> INSTRUCTIONS TO FOLLOW
Show the lines of the material that contain the word "Output".
————————
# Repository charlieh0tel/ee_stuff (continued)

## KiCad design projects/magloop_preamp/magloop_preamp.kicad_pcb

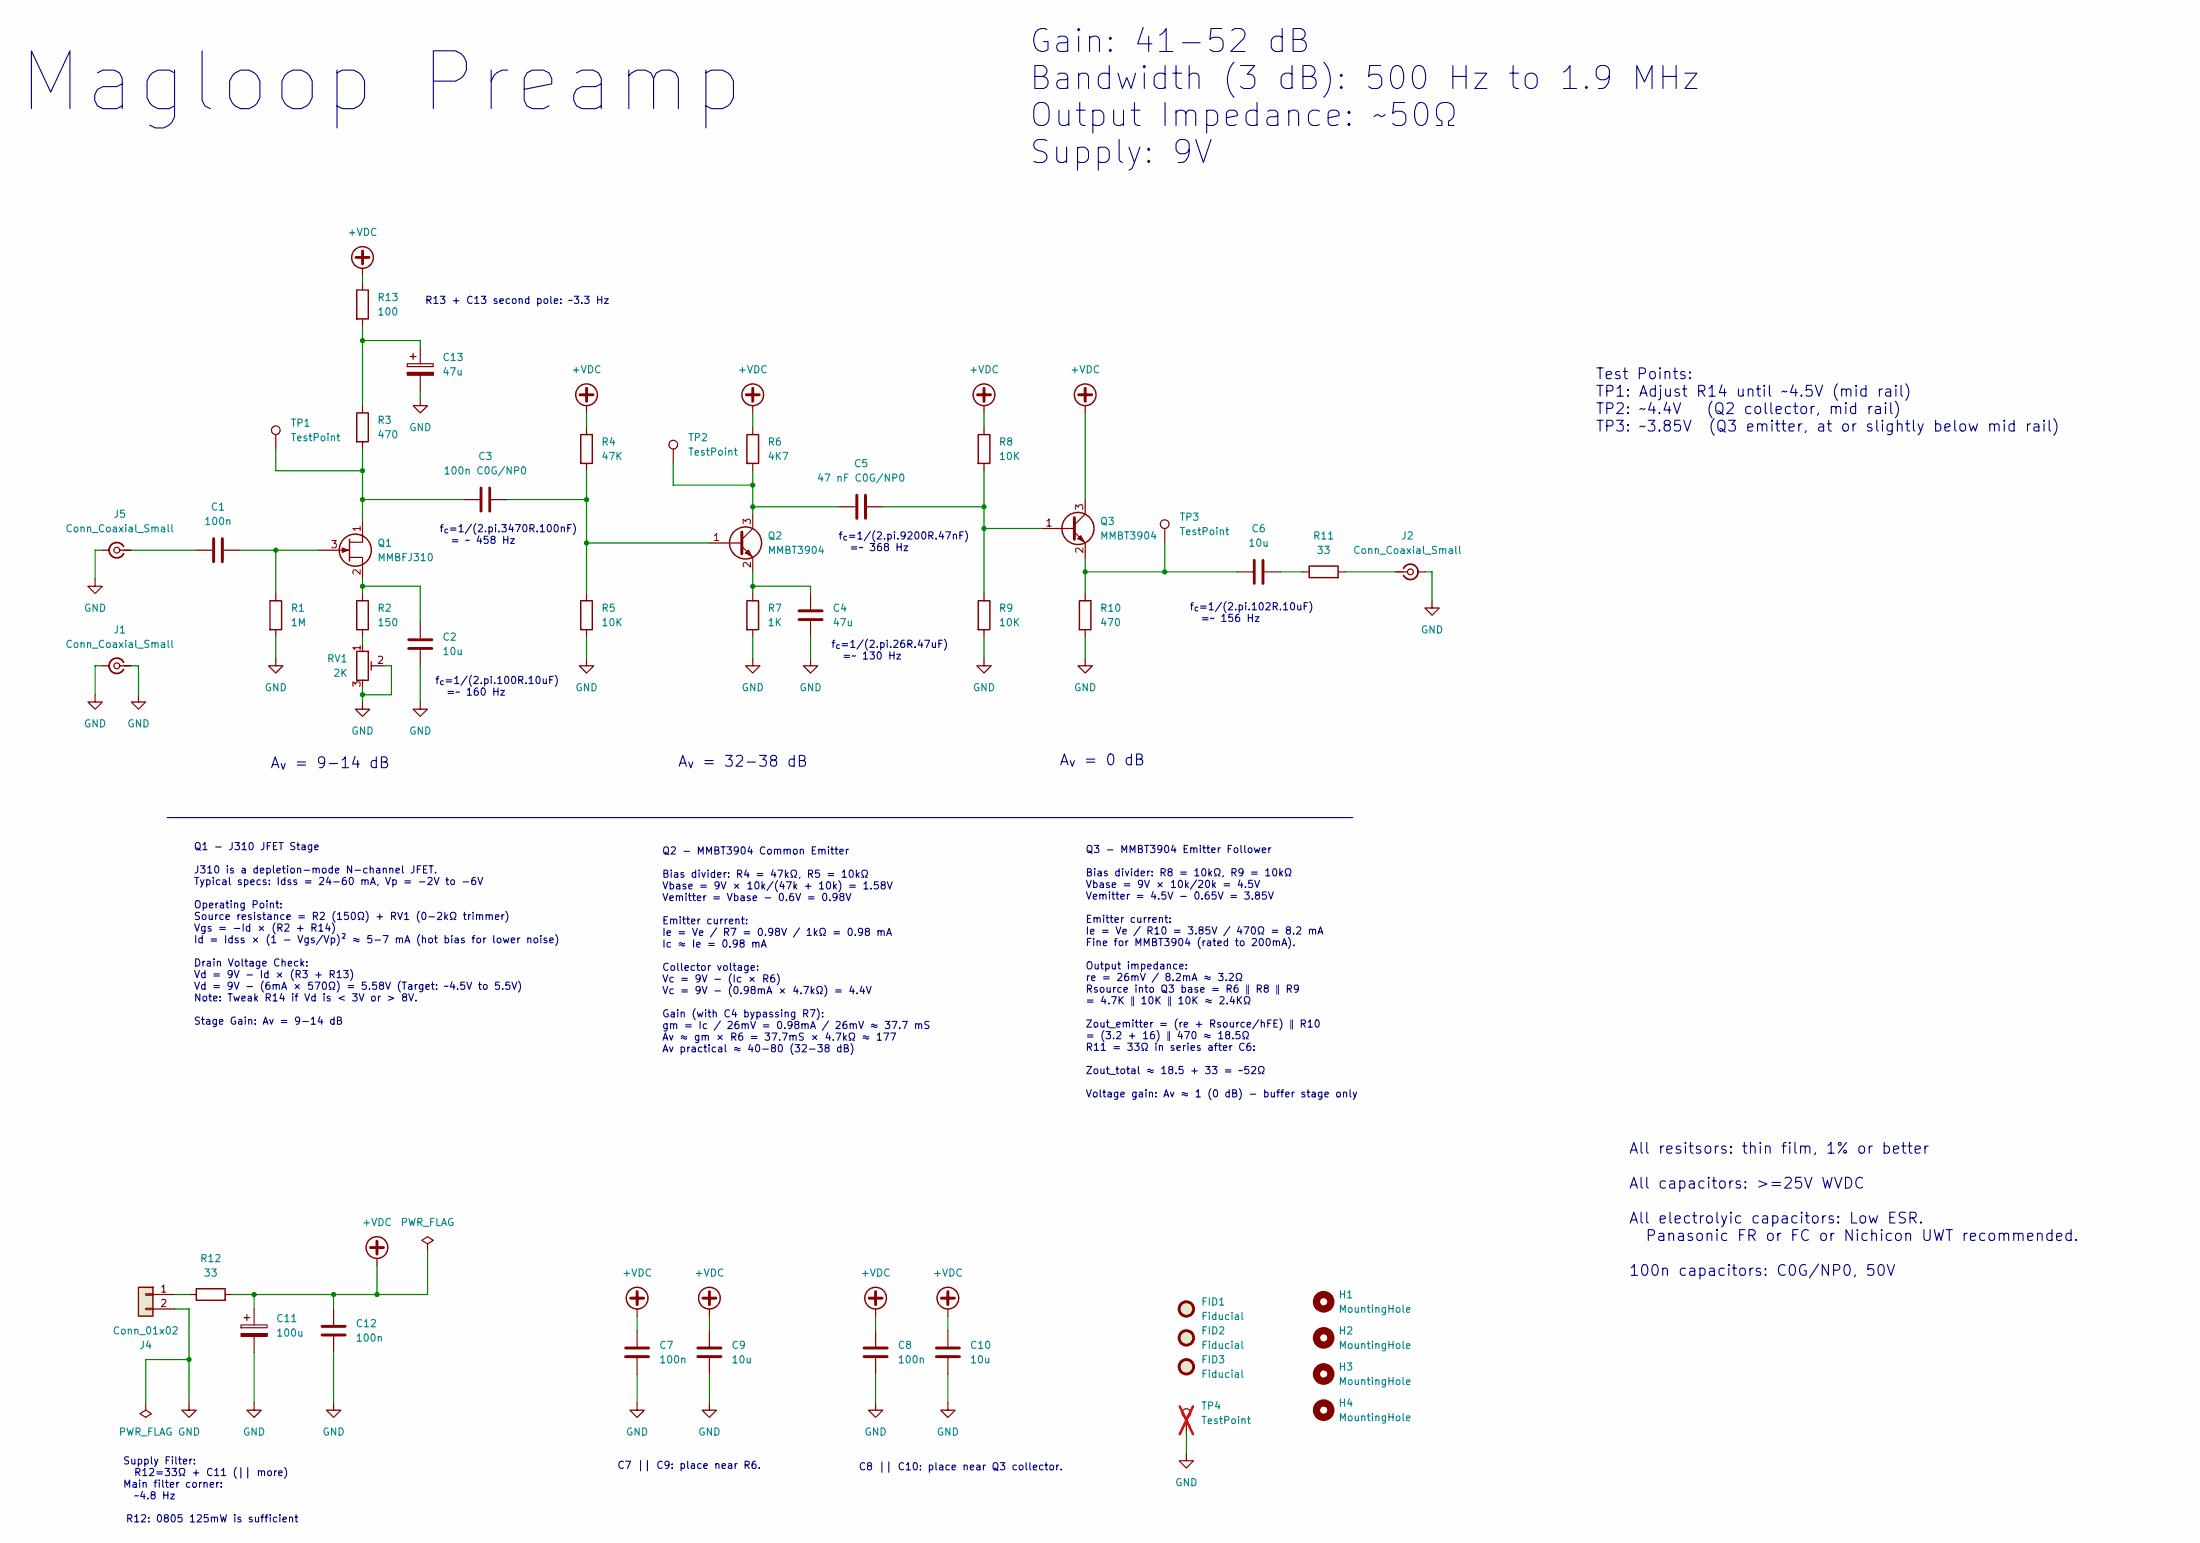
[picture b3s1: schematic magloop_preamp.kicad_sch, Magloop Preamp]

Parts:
C1, C7, C8, C12: 100n; C_0603_1608Metric
C2, C6, C9, C10: 10u; C_1206_3216Metric
C3: 100n C0G/NP0; C_1206_3216Metric
C4: 47u; C_1210_3225Metric
C5: 47 nF C0G/NP0; C_1206_3216Metric
C11: 100u; CP_EIA-7343-31_Kemet-D
C13: 47u; CP_EIA-6032-28_Kemet-C
FID1, FID2, FID3: Fiducial; Fiducial_0.5mm_Mask1.5mm
H1, H2, H3, H4: MountingHole; MountingHole_3.2mm_M3
J1, J2, J5: Conn_Coaxial_Small; SMA_Amphenol_901-144_Vertical
J4: Conn_01x02; Molex_KK-254_AE-6410-02A_1x02_P2.54mm_Vertical
Q1: MMBFJ310; TSOT-23
Q2, Q3: MMBT3904; TSOT-23
R1: 1M; R_0603_1608Metric
R2: 150; R_0603_1608Metric
R3, R10: 470; R_0603_1608Metric
R4: 47K; R_0603_1608Metric
R5, R8, R9: 10K; R_0603_1608Metric
R6: 4K7; R_0603_1608Metric
R7: 1K; R_0603_1608Metric
R11, R12: 33; R_0805_2012Metric
R13: 100; R_0603_1608Metric
RV1: 2K; Potentiometer_Bourns_3314G_Vertical
TP1, TP2, TP3: TestPoint; TestPoint_Pad_D1.0mm
TP4: TestPoint; TestPoint_Loop_D2.50mm_Drill1.0mm; not fitted

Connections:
+VDC: C7.1, C8.1, C9.1, C10.1, C11.1, C12.1, Q3.3 (C), R4.1, R6.1, R8.1, R12.2, R13.1
GND: C2.2, C4.2, C7.2, C8.2, C9.2, C10.2, C11.2, C12.2, C13.2, J1.1 (In), J1.2 (Ext), J2.2 (Ext), J4.2, J5.2 (Ext), R1.2, R5.2, R7.2, R9.2, R10.2, RV1.2, RV1.3, TP4.1
unnamed: C6.2, R11.1
unnamed: C13.1, R3.1, R13.2
unnamed: J2.1 (In), R11.2
unnamed: J4.1, R12.1
unnamed: C1.1, J5.1 (In)
unnamed: C3.1, Q1.1 (D), R3.2, TP1.1
unnamed: C1.2, Q1.3 (G), R1.1
unnamed: C2.1, Q1.2 (S), R2.1
unnamed: C3.2, Q2.1 (B), R4.2, R5.1
unnamed: C5.1, Q2.3 (C), R6.2, TP2.1
unnamed: C4.1, Q2.2 (E), R7.1
unnamed: C5.2, Q3.1 (B), R8.2, R9.1
unnamed: C6.1, Q3.2 (E), R10.1, TP3.1
unnamed: R2.2, RV1.1

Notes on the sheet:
Q2 - MMBT3904 Common Emitter Bias divider: R4 = 47kΩ, R5 = 10kΩ Vbase = 9V × 10k/(47k + 10k) = 1.58V Vemitter = Vbase - 0.6V = 0.98V Emitter current: Ie = Ve / R7 = 0.98V / 1kΩ = 0.98 mA Ic ≈ Ie = 0.98 mA Collector voltage: Vc = 9V - (Ic × R6) Vc = 9V - (0.98mA × 4.7kΩ) = 4.4V Gain (with C4 bypassi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
f_{c}=1/(2.pi.100R.10uF) =~ 160 Hz
f_{c}=1/(2.pi.3470R.100nF) = ~ 458 Hz
Magloop Preamp
A_{v} = 9-14 dB
Test Points: TP1: Adjust R14 until ~4.5V (mid rail) TP2: ~4.4V (Q2 collector, mid rail) TP3: ~3.85V (Q3 emitter, at or slightly below mid rail)
R13 + C13 second pole: ~3.3 Hz
f_{c}=1/(2.pi.26R.47uF) =~ 130 Hz
C7 || C9: place near R6.
A_{v} = 0 dB
Supply Filter: R12=33Ω + C11 (|| more) Main filter corner: ~4.8 Hz
Q1 - J310 JFET Stage J310 is a depletion-mode N-channel JFET. Typical specs: Idss = 24-60 mA, Vp = -2V to -6V Operating Point: Source resistance = R2 (150Ω) + RV1 (0-2kΩ trimmer) Vgs = -Id × (R2 + R14) Id = Idss × (1 - Vgs/Vp)² ≈ 5-7 mA (hot bias for lower noise) Drain Voltage Check: Vd = 9V - Id ×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
f_{c}=1/(2.pi.102R.10uF) =~ 156 Hz
A_{v} = 32-38 dB
All resitsors: thin film, 1% or better All capacitors: >=25V WVDC All electrolyic capacitors: Low ESR. Panasonic FR or FC or Nichicon UWT recommended. 100n capacitors: C0G/NP0, 50V
Gain: 41-52 dB Bandwidth (3 dB): 500 Hz to 1.9 MHz Output Impedance: ~50Ω Supply: 9V
Q3 - MMBT3904 Emitter Follower Bias divider: R8 = 10kΩ, R9 = 10kΩ Vbase = 9V × 10k/20k = 4.5V Vemitter = 4.5V - 0.65V = 3.85V Emitter current: Ie = Ve / R10 = 3.85V / 470Ω = 8.2 mA Fine for MMBT3904 (rated to 200mA). Output impedance: re = 26mV / 8.2mA ≈ 3.2Ω Rsource into Q3 base = R6 ‖ R8 ‖ R9 = 4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
f_{c}=1/(2.pi.9200R.47nF) =~ 368 Hz
C8 || C10: place near Q3 collector.
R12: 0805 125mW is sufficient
————————
> TASK RESULT
Gain: 41-52 dB Bandwidth (3 dB): 500 Hz to 1.9 MHz Output Impedance: ~50Ω Supply: 9V
Q3 - MMBT3904 Emitter Follower Bias divider: R8 = 10kΩ, R9 = 10kΩ Vbase = 9V × 10k/20k = 4.5V Vemitter = 4.5V - 0.65V = 3.85V Emitter current: Ie = Ve / R10 = 3.85V / 470Ω = 8.2 mA Fine for MMBT3904 (rated to 200mA). Output impedance: re = 26mV / 8.2mA ≈ 3.2Ω Rsource into Q3 base = R6 ‖ R8 ‖ R9 = 4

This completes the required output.